===== SOURCE MATERIAL
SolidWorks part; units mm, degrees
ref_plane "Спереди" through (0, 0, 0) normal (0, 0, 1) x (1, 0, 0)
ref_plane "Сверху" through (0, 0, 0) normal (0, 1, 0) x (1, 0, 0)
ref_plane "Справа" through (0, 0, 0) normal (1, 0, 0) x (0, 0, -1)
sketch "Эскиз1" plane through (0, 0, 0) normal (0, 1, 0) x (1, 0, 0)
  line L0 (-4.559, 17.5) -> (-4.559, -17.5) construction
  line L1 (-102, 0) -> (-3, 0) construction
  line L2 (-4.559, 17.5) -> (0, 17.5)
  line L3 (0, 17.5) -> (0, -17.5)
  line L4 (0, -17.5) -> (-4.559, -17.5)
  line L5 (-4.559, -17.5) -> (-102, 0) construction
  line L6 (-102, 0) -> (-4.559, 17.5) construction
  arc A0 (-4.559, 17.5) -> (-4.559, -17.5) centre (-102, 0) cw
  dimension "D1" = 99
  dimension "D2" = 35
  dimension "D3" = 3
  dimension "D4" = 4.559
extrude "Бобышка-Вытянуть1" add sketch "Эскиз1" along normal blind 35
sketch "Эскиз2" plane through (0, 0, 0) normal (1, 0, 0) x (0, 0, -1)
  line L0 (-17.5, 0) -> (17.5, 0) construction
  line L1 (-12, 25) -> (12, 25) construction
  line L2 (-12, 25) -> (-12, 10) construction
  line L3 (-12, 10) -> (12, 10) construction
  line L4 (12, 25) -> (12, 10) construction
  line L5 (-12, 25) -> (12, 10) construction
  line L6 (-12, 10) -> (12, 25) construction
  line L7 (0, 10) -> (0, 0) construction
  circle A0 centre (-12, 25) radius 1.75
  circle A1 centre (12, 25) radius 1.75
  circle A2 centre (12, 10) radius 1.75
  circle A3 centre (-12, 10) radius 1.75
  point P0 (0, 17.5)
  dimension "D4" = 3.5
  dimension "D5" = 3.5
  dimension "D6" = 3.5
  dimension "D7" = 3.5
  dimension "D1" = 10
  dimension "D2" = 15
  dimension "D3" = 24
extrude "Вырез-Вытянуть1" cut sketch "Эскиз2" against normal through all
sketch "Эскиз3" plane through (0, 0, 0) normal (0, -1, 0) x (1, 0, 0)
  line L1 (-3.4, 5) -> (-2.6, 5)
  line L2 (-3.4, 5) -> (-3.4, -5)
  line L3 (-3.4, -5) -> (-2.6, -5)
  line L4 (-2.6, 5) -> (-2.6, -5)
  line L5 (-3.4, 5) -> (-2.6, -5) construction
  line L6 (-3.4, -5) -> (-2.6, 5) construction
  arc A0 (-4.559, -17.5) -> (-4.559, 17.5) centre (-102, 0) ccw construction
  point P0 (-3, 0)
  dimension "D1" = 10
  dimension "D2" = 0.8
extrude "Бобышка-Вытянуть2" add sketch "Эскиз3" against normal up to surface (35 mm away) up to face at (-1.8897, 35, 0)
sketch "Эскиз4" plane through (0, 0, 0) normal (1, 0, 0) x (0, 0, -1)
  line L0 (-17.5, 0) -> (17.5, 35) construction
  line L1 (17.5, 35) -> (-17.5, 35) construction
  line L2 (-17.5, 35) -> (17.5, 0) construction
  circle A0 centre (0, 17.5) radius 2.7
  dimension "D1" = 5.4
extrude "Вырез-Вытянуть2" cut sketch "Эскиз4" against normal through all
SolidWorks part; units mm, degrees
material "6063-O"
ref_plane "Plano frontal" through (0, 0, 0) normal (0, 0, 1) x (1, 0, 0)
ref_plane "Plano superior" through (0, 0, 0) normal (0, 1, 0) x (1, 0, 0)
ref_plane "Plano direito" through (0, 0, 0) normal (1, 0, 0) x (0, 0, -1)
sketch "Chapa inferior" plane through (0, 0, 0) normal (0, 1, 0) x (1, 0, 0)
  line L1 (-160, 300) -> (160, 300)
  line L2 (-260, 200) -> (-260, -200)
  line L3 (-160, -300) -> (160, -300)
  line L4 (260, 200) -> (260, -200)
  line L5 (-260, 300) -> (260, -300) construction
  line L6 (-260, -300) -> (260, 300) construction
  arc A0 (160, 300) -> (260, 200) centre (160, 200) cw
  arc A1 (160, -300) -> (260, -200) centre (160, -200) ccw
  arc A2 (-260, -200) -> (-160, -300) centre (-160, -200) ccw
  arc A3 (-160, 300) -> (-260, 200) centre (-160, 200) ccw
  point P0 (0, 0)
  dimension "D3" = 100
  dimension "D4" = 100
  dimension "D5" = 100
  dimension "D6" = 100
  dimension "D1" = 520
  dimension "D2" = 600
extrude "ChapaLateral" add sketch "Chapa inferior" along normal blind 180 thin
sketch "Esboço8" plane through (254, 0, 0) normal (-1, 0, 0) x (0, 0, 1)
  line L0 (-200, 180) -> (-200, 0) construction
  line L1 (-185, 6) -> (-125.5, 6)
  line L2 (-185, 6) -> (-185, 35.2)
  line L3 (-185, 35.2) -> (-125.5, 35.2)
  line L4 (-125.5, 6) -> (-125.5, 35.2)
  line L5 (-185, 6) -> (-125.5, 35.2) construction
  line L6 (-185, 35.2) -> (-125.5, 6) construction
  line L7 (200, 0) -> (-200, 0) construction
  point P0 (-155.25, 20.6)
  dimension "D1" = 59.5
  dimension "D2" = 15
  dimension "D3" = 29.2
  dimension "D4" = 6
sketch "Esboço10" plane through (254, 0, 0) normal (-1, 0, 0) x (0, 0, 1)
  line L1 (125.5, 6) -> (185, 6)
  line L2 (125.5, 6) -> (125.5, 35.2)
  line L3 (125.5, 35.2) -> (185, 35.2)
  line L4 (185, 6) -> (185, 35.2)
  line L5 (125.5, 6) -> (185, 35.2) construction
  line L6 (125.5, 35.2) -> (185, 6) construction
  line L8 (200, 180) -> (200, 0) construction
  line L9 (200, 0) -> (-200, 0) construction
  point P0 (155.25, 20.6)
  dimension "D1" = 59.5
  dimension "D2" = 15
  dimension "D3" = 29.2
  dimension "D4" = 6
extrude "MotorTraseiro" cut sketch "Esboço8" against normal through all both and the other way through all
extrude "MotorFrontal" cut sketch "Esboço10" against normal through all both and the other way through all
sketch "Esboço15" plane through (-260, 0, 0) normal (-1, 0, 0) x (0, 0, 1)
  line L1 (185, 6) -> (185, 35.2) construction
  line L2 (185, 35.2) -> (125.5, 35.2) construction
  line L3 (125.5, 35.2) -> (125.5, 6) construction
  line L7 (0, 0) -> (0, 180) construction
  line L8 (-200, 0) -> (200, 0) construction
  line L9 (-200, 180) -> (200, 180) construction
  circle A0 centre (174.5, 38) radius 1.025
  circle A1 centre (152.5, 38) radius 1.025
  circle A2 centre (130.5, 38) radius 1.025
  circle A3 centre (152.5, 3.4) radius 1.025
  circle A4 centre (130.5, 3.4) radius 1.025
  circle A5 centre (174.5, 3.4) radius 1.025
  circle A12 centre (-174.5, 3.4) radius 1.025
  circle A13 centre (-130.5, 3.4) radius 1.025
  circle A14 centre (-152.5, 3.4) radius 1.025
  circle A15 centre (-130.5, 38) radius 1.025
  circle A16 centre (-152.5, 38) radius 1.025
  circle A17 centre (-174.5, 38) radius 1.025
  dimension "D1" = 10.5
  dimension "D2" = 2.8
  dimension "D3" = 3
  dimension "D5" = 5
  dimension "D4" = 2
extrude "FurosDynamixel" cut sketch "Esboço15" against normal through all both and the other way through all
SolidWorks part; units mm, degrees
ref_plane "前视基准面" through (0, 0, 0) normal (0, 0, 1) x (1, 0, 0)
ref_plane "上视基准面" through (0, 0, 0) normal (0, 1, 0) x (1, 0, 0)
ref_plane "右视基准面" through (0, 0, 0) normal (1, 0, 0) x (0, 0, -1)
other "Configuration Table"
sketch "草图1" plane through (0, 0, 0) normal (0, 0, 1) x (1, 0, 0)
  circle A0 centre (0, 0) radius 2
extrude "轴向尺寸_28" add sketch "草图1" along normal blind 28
==========
* GOAL OF THE EXERCISE *
Copy every line in the data above that has the string "Вырез" in it.

* ANSWER TO THE EXERCISE *
extrude "Вырез-Вытянуть1" cut sketch "Эскиз2" against normal through all
extrude "Вырез-Вытянуть2" cut sketch "Эскиз4" against normal through all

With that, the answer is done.